This caused two problems:
* In the case where `n` is INT_MIN and `m` is positive, the result would be poison instead of an actual value
* In the case where `n` is INT_MAX and `m` is `-1`, this would trigger undefined behavior, while the original code wouldn't. This is because `n+x` would be equal to `INT_MIN` (`INT_MAX + 1`), so the `(n+x) / m` division would overflow and trigger UB.

>From f829156d28e7b42e16910ee427cd6b25398789c5 Mon Sep 17 00:00:00 2001
From: Mathieu Fehr <mathieu.fehr at gmail.com>
Date: Mon, 31 Mar 2025 19:56:34 +0100
Subject: [PATCH] [mlir] Fix ceildivsi lowering in arith-expand

This fixes the current lowering of arith.ceildivsi in the arith-expand
pass, which was previously incorrect. The new version is based on the
lowering of arith.floordivsi, and will not introduce new undefined
behavior or poison during the lowering.
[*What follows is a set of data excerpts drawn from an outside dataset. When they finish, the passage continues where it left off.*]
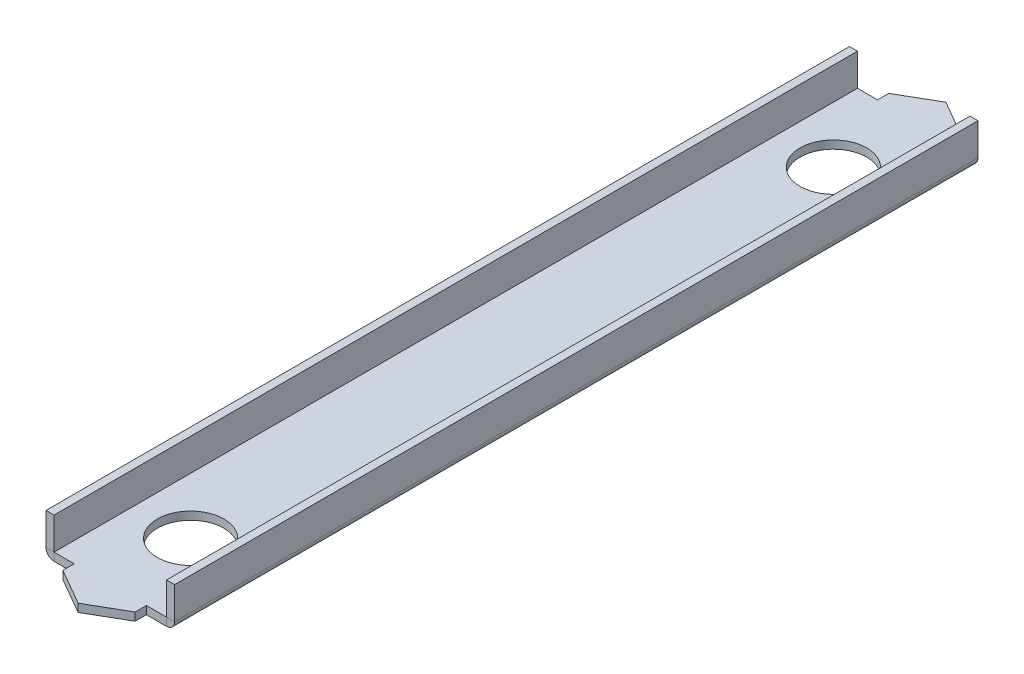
ISO-10303-21;
HEADER;
FILE_DESCRIPTION(('STEP AP214'),'2;1');
FILE_NAME('part.step','',(''),(''),'','','');
FILE_SCHEMA(('AUTOMOTIVE_DESIGN { 1 0 10303 214 1 1 1 1 }'));
ENDSEC;
DATA;
#1=APPLICATION_CONTEXT('core data for automotive mechanical design processes');
#2=APPLICATION_PROTOCOL_DEFINITION('international standard','automotive_design',2000,#1);
#3=PRODUCT_CONTEXT('',#1,'mechanical');
#4=PRODUCT('Part','Part','',(#3));
#5=PRODUCT_RELATED_PRODUCT_CATEGORY('part','',(#4));
#6=PRODUCT_DEFINITION_FORMATION('','',#4);
#7=PRODUCT_DEFINITION_CONTEXT('part definition',#1,'design');
#8=PRODUCT_DEFINITION('design','',#6,#7);
#9=PRODUCT_DEFINITION_SHAPE('','',#8);
#10=(LENGTH_UNIT() NAMED_UNIT(*) SI_UNIT(.MILLI.,.METRE.));
#11=(NAMED_UNIT(*) PLANE_ANGLE_UNIT() SI_UNIT($,.RADIAN.));
#12=(NAMED_UNIT(*) SI_UNIT($,.STERADIAN.) SOLID_ANGLE_UNIT());
#13=UNCERTAINTY_MEASURE_WITH_UNIT(LENGTH_MEASURE(1.E-05),#10,'distance_accuracy_value','');
#14=(GEOMETRIC_REPRESENTATION_CONTEXT(3) GLOBAL_UNCERTAINTY_ASSIGNED_CONTEXT((#13)) GLOBAL_UNIT_ASSIGNED_CONTEXT((#10,
#11,#12)) REPRESENTATION_CONTEXT('',''));
#15=CARTESIAN_POINT('',(0.,0.,0.));
#16=DIRECTION('',(0.,0.,1.));
#17=DIRECTION('',(1.,0.,0.));
#18=AXIS2_PLACEMENT_3D('',#15,#16,#17);
#19=CARTESIAN_POINT('',(-6.99899999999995,-2.28539816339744,50.));
#20=DIRECTION('',(0.,0.,1.));
#21=DIRECTION('',(0.,-1.,0.));
#22=AXIS2_PLACEMENT_3D('',#19,#20,#21);
#23=PLANE('',#22);
#24=DIRECTION('',(0.,1.,0.));
#25=VECTOR('',#24,1.);
#26=CARTESIAN_POINT('',(-8.00000000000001,-2.28539816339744,50.));
#27=LINE('',#26,#25);
#28=CARTESIAN_POINT('',(-8.00000000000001,1.,50.0000000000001));
#29=VERTEX_POINT('',#28);
#30=CARTESIAN_POINT('',(-8.00000000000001,5.00000000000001,50.0000000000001));
#31=VERTEX_POINT('',#30);
#32=EDGE_CURVE('E207',#29,#31,#27,.T.);
#33=ORIENTED_EDGE('',*,*,#32,.F.);
#34=DIRECTION('',(1.,0.,0.));
#35=VECTOR('',#34,1.);
#36=CARTESIAN_POINT('',(-6.99899999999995,1.,50.0000000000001));
#37=LINE('',#36,#35);
#38=CARTESIAN_POINT('',(-7.00000000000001,1.,50.0000000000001));
#39=VERTEX_POINT('',#38);
#40=EDGE_CURVE('E11',#29,#39,#37,.T.);
#41=ORIENTED_EDGE('',*,*,#40,.T.);
#42=DIRECTION('',(0.,1.,0.));
#43=VECTOR('',#42,1.);
#44=CARTESIAN_POINT('',(-7.00000000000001,-2.28539816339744,50.));
#45=LINE('',#44,#43);
#46=CARTESIAN_POINT('',(-7.00000000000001,5.00000000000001,50.0000000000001));
#47=VERTEX_POINT('',#46);
#48=EDGE_CURVE('E205',#39,#47,#45,.T.);
#49=ORIENTED_EDGE('',*,*,#48,.T.);
#50=DIRECTION('',(-1.,0.,0.));
#51=VECTOR('',#50,1.);
#52=CARTESIAN_POINT('',(-6.99899999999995,5.00000000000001,50.0000000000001));
#53=LINE('',#52,#51);
#54=EDGE_CURVE('E211',#47,#31,#53,.T.);
#55=ORIENTED_EDGE('',*,*,#54,.T.);
#56=EDGE_LOOP('',(#33,#41,#49,#55));
#57=FACE_BOUND('',#56,.T.);
#58=ADVANCED_FACE('F29',(#57),#23,.T.);
#59=CARTESIAN_POINT('',(-6.99899999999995,-2.28539816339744,-50.));
#60=DIRECTION('',(0.,0.,-1.));
#61=DIRECTION('',(0.,1.,0.));
#62=AXIS2_PLACEMENT_3D('',#59,#60,#61);
#63=PLANE('',#62);
#64=DIRECTION('',(0.,-1.,0.));
#65=VECTOR('',#64,1.);
#66=CARTESIAN_POINT('',(-7.00000000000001,-2.28539816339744,-50.));
#67=LINE('',#66,#65);
#68=CARTESIAN_POINT('',(-7.00000000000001,5.00000000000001,-50.));
#69=VERTEX_POINT('',#68);
#70=CARTESIAN_POINT('',(-7.00000000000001,1.,-50.));
#71=VERTEX_POINT('',#70);
#72=EDGE_CURVE('E224',#69,#71,#67,.T.);
#73=ORIENTED_EDGE('',*,*,#72,.T.);
#74=DIRECTION('',(-1.,0.,0.));
#75=VECTOR('',#74,1.);
#76=CARTESIAN_POINT('',(-6.99899999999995,1.,-50.));
#77=LINE('',#76,#75);
#78=CARTESIAN_POINT('',(-8.00000000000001,1.00000000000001,-50.));
#79=VERTEX_POINT('',#78);
#80=EDGE_CURVE('E37',#71,#79,#77,.T.);
#81=ORIENTED_EDGE('',*,*,#80,.T.);
#82=DIRECTION('',(0.,-1.,0.));
#83=VECTOR('',#82,1.);
#84=CARTESIAN_POINT('',(-8.00000000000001,-2.28539816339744,-50.));
#85=LINE('',#84,#83);
#86=CARTESIAN_POINT('',(-8.00000000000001,5.00000000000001,-50.));
#87=VERTEX_POINT('',#86);
#88=EDGE_CURVE('E219',#87,#79,#85,.T.);
#89=ORIENTED_EDGE('',*,*,#88,.F.);
#90=DIRECTION('',(-1.,0.,0.));
#91=VECTOR('',#90,1.);
#92=CARTESIAN_POINT('',(-6.99899999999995,5.00000000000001,-50.));
#93=LINE('',#92,#91);
#94=EDGE_CURVE('E222',#69,#87,#93,.T.);
#95=ORIENTED_EDGE('',*,*,#94,.F.);
#96=EDGE_LOOP('',(#73,#81,#89,#95));
#97=FACE_BOUND('',#96,.T.);
#98=ADVANCED_FACE('F232',(#97),#63,.T.);
#99=CARTESIAN_POINT('',(-8.00000000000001,0.,55.));
#100=DIRECTION('',(1.,0.,0.));
#101=DIRECTION('',(0.,0.,-1.));
#102=AXIS2_PLACEMENT_3D('',#99,#100,#101);
#103=PLANE('',#102);
#104=ORIENTED_EDGE('',*,*,#32,.T.);
#105=DIRECTION('',(0.,0.,-1.));
#106=VECTOR('',#105,1.);
#107=CARTESIAN_POINT('',(-8.00000000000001,5.,55.0000000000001));
#108=LINE('',#107,#106);
#109=EDGE_CURVE('E226',#31,#87,#108,.T.);
#110=ORIENTED_EDGE('',*,*,#109,.T.);
#111=ORIENTED_EDGE('',*,*,#88,.T.);
#112=DIRECTION('',(0.,0.,-1.));
#113=VECTOR('',#112,1.);
#114=CARTESIAN_POINT('',(-8.00000000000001,1.,55.0000000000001));
#115=LINE('',#114,#113);
#116=EDGE_CURVE('E44',#29,#79,#115,.T.);
#117=ORIENTED_EDGE('',*,*,#116,.F.);
#118=EDGE_LOOP('',(#104,#110,#111,#117));
#119=FACE_BOUND('',#118,.T.);
#120=ADVANCED_FACE('F236',(#119),#103,.F.);
#121=CARTESIAN_POINT('',(213.145406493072,5.,55.0000000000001));
#122=DIRECTION('',(0.,1.,0.));
#123=DIRECTION('',(-1.,0.,0.));
#124=AXIS2_PLACEMENT_3D('',#121,#122,#123);
#125=PLANE('',#124);
#126=ORIENTED_EDGE('',*,*,#109,.F.);
#127=ORIENTED_EDGE('',*,*,#54,.F.);
#128=DIRECTION('',(0.,0.,-1.));
#129=VECTOR('',#128,1.);
#130=CARTESIAN_POINT('',(-7.00000000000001,5.,55.0000000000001));
#131=LINE('',#130,#129);
#132=EDGE_CURVE('E52',#47,#69,#131,.T.);
#133=ORIENTED_EDGE('',*,*,#132,.T.);
#134=ORIENTED_EDGE('',*,*,#94,.T.);
#135=EDGE_LOOP('',(#126,#127,#133,#134));
#136=FACE_BOUND('',#135,.T.);
#137=ADVANCED_FACE('F31',(#136),#125,.T.);
#138=CARTESIAN_POINT('',(-7.00000000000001,0.,55.0000000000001));
#139=DIRECTION('',(1.,0.,0.));
#140=DIRECTION('',(0.,0.,-1.));
#141=AXIS2_PLACEMENT_3D('',#138,#139,#140);
#142=PLANE('',#141);
#143=ORIENTED_EDGE('',*,*,#132,.F.);
#144=ORIENTED_EDGE('',*,*,#48,.F.);
#145=DIRECTION('',(0.,0.,-1.));
#146=VECTOR('',#145,1.);
#147=CARTESIAN_POINT('',(-7.00000000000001,1.,55.0000000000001));
#148=LINE('',#147,#146);
#149=EDGE_CURVE('E171',#39,#71,#148,.T.);
#150=ORIENTED_EDGE('',*,*,#149,.T.);
#151=ORIENTED_EDGE('',*,*,#72,.F.);
#152=EDGE_LOOP('',(#143,#144,#150,#151));
#153=FACE_BOUND('',#152,.T.);
#154=ADVANCED_FACE('F208',(#153),#142,.T.);
#155=CARTESIAN_POINT('',(6.99899999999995,-2.28539816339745,50.0000000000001));
#156=DIRECTION('',(0.,0.,1.));
#157=DIRECTION('',(0.,1.,0.));
#158=AXIS2_PLACEMENT_3D('',#155,#156,#157);
#159=PLANE('',#158);
#160=DIRECTION('',(0.,-1.,0.));
#161=VECTOR('',#160,1.);
#162=CARTESIAN_POINT('',(7.00000000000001,-2.28539816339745,50.0000000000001));
#163=LINE('',#162,#161);
#164=CARTESIAN_POINT('',(7.00000000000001,5.,50.0000000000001));
#165=VERTEX_POINT('',#164);
#166=CARTESIAN_POINT('',(7.00000000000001,1.,50.0000000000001));
#167=VERTEX_POINT('',#166);
#168=EDGE_CURVE('E473',#165,#167,#163,.T.);
#169=ORIENTED_EDGE('',*,*,#168,.T.);
#170=DIRECTION('',(1.,0.,0.));
#171=VECTOR('',#170,1.);
#172=CARTESIAN_POINT('',(6.99899999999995,1.,50.0000000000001));
#173=LINE('',#172,#171);
#174=CARTESIAN_POINT('',(8.00000000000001,1.,50.0000000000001));
#175=VERTEX_POINT('',#174);
#176=EDGE_CURVE('E209',#167,#175,#173,.T.);
#177=ORIENTED_EDGE('',*,*,#176,.T.);
#178=DIRECTION('',(0.,-1.,0.));
#179=VECTOR('',#178,1.);
#180=CARTESIAN_POINT('',(8.00000000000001,-2.28539816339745,50.0000000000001));
#181=LINE('',#180,#179);
#182=CARTESIAN_POINT('',(8.00000000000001,5.,50.0000000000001));
#183=VERTEX_POINT('',#182);
#184=EDGE_CURVE('E200',#183,#175,#181,.T.);
#185=ORIENTED_EDGE('',*,*,#184,.F.);
#186=DIRECTION('',(1.,0.,0.));
#187=VECTOR('',#186,1.);
#188=CARTESIAN_POINT('',(6.99899999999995,5.,50.0000000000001));
#189=LINE('',#188,#187);
#190=EDGE_CURVE('E470',#165,#183,#189,.T.);
#191=ORIENTED_EDGE('',*,*,#190,.F.);
#192=EDGE_LOOP('',(#169,#177,#185,#191));
#193=FACE_BOUND('',#192,.T.);
#194=ADVANCED_FACE('F243',(#193),#159,.T.);
#195=CARTESIAN_POINT('',(6.99899999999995,-2.28539816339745,-49.9999999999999));
#196=DIRECTION('',(0.,0.,-1.));
#197=DIRECTION('',(0.,-1.,0.));
#198=AXIS2_PLACEMENT_3D('',#195,#196,#197);
#199=PLANE('',#198);
#200=DIRECTION('',(0.,1.,0.));
#201=VECTOR('',#200,1.);
#202=CARTESIAN_POINT('',(8.00000000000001,-2.28539816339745,-49.9999999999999));
#203=LINE('',#202,#201);
#204=CARTESIAN_POINT('',(8.00000000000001,1.00000000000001,-49.9999999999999));
#205=VERTEX_POINT('',#204);
#206=CARTESIAN_POINT('',(8.00000000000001,5.,-49.9999999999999));
#207=VERTEX_POINT('',#206);
#208=EDGE_CURVE('E479',#205,#207,#203,.T.);
#209=ORIENTED_EDGE('',*,*,#208,.F.);
#210=DIRECTION('',(-1.,0.,0.));
#211=VECTOR('',#210,1.);
#212=CARTESIAN_POINT('',(6.99899999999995,1.00000000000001,-49.9999999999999));
#213=LINE('',#212,#211);
#214=CARTESIAN_POINT('',(7.00000000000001,1.00000000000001,-49.9999999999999));
#215=VERTEX_POINT('',#214);
#216=EDGE_CURVE('E214',#205,#215,#213,.T.);
#217=ORIENTED_EDGE('',*,*,#216,.T.);
#218=DIRECTION('',(0.,1.,0.));
#219=VECTOR('',#218,1.);
#220=CARTESIAN_POINT('',(7.00000000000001,-2.28539816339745,-49.9999999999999));
#221=LINE('',#220,#219);
#222=CARTESIAN_POINT('',(7.00000000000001,5.,-49.9999999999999));
#223=VERTEX_POINT('',#222);
#224=EDGE_CURVE('E476',#215,#223,#221,.T.);
#225=ORIENTED_EDGE('',*,*,#224,.T.);
#226=DIRECTION('',(1.,0.,0.));
#227=VECTOR('',#226,1.);
#228=CARTESIAN_POINT('',(6.99899999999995,5.,-49.9999999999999));
#229=LINE('',#228,#227);
#230=EDGE_CURVE('E482',#223,#207,#229,.T.);
#231=ORIENTED_EDGE('',*,*,#230,.T.);
#232=EDGE_LOOP('',(#209,#217,#225,#231));
#233=FACE_BOUND('',#232,.T.);
#234=ADVANCED_FACE('F256',(#233),#199,.T.);
#235=CARTESIAN_POINT('',(-213.145406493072,5.,55.0000000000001));
#236=DIRECTION('',(0.,-1.,0.));
#237=DIRECTION('',(1.,0.,0.));
#238=AXIS2_PLACEMENT_3D('',#235,#236,#237);
#239=PLANE('',#238);
#240=ORIENTED_EDGE('',*,*,#190,.T.);
#241=DIRECTION('',(0.,0.,-1.));
#242=VECTOR('',#241,1.);
#243=CARTESIAN_POINT('',(8.00000000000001,5.,55.0000000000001));
#244=LINE('',#243,#242);
#245=EDGE_CURVE('E485',#183,#207,#244,.T.);
#246=ORIENTED_EDGE('',*,*,#245,.T.);
#247=ORIENTED_EDGE('',*,*,#230,.F.);
#248=DIRECTION('',(0.,0.,-1.));
#249=VECTOR('',#248,1.);
#250=CARTESIAN_POINT('',(7.00000000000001,5.,55.0000000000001));
#251=LINE('',#250,#249);
#252=EDGE_CURVE('E493',#165,#223,#251,.T.);
#253=ORIENTED_EDGE('',*,*,#252,.F.);
#254=EDGE_LOOP('',(#240,#246,#247,#253));
#255=FACE_BOUND('',#254,.T.);
#256=ADVANCED_FACE('F252',(#255),#239,.F.);
#257=CARTESIAN_POINT('',(7.00000000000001,0.,55.0000000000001));
#258=DIRECTION('',(-1.,0.,0.));
#259=DIRECTION('',(0.,0.,1.));
#260=AXIS2_PLACEMENT_3D('',#257,#258,#259);
#261=PLANE('',#260);
#262=DIRECTION('',(0.,0.,-1.));
#263=VECTOR('',#262,1.);
#264=CARTESIAN_POINT('',(7.00000000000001,1.,55.0000000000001));
#265=LINE('',#264,#263);
#266=EDGE_CURVE('E490',#167,#215,#265,.T.);
#267=ORIENTED_EDGE('',*,*,#266,.F.);
#268=ORIENTED_EDGE('',*,*,#168,.F.);
#269=ORIENTED_EDGE('',*,*,#252,.T.);
#270=ORIENTED_EDGE('',*,*,#224,.F.);
#271=EDGE_LOOP('',(#267,#268,#269,#270));
#272=FACE_BOUND('',#271,.T.);
#273=ADVANCED_FACE('F255',(#272),#261,.T.);
#274=CARTESIAN_POINT('',(8.00000000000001,0.,55.0000000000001));
#275=DIRECTION('',(-1.,0.,0.));
#276=DIRECTION('',(0.,0.,1.));
#277=AXIS2_PLACEMENT_3D('',#274,#275,#276);
#278=PLANE('',#277);
#279=ORIENTED_EDGE('',*,*,#184,.T.);
#280=DIRECTION('',(0.,0.,-1.));
#281=VECTOR('',#280,1.);
#282=CARTESIAN_POINT('',(8.00000000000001,1.,55.0000000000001));
#283=LINE('',#282,#281);
#284=EDGE_CURVE('E487',#175,#205,#283,.T.);
#285=ORIENTED_EDGE('',*,*,#284,.T.);
#286=ORIENTED_EDGE('',*,*,#208,.T.);
#287=ORIENTED_EDGE('',*,*,#245,.F.);
#288=EDGE_LOOP('',(#279,#285,#286,#287));
#289=FACE_BOUND('',#288,.T.);
#290=ADVANCED_FACE('F260',(#289),#278,.F.);
#291=CARTESIAN_POINT('',(-8.00000000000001,1.,55.0000000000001));
#292=DIRECTION('',(0.,1.,0.));
#293=DIRECTION('',(-1.,0.,0.));
#294=AXIS2_PLACEMENT_3D('',#291,#292,#293);
#295=PLANE('',#294);
#296=CARTESIAN_POINT('',(0.,1.00000000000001,-39.9999999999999));
#297=DIRECTION('',(0.,1.,0.));
#298=DIRECTION('',(-1.,0.,0.));
#299=AXIS2_PLACEMENT_3D('',#296,#297,#298);
#300=CIRCLE('',#299,4.15);
#301=CARTESIAN_POINT('',(-4.15,1.00000000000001,-39.9999999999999));
#302=VERTEX_POINT('',#301);
#303=EDGE_CURVE('E454',#302,#302,#300,.T.);
#304=ORIENTED_EDGE('',*,*,#303,.F.);
#305=EDGE_LOOP('',(#304));
#306=FACE_BOUND('',#305,.T.);
#307=CARTESIAN_POINT('',(0.,1.00000000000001,40.0000000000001));
#308=DIRECTION('',(0.,1.,0.));
#309=DIRECTION('',(-1.,0.,0.));
#310=AXIS2_PLACEMENT_3D('',#307,#308,#309);
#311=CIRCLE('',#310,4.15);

It also do one less division.
---
 .../Dialect/Arith/Transforms/ExpandOps.cpp    | 60 ++++++++-----------
 .../Conversion/ArithToLLVM/arith-to-llvm.mlir | 36 +++++------
 mlir/test/Dialect/Arith/expand-ops.mlir       | 57 +++++++-----------
 3 files changed, 60 insertions(+), 93 deletions(-)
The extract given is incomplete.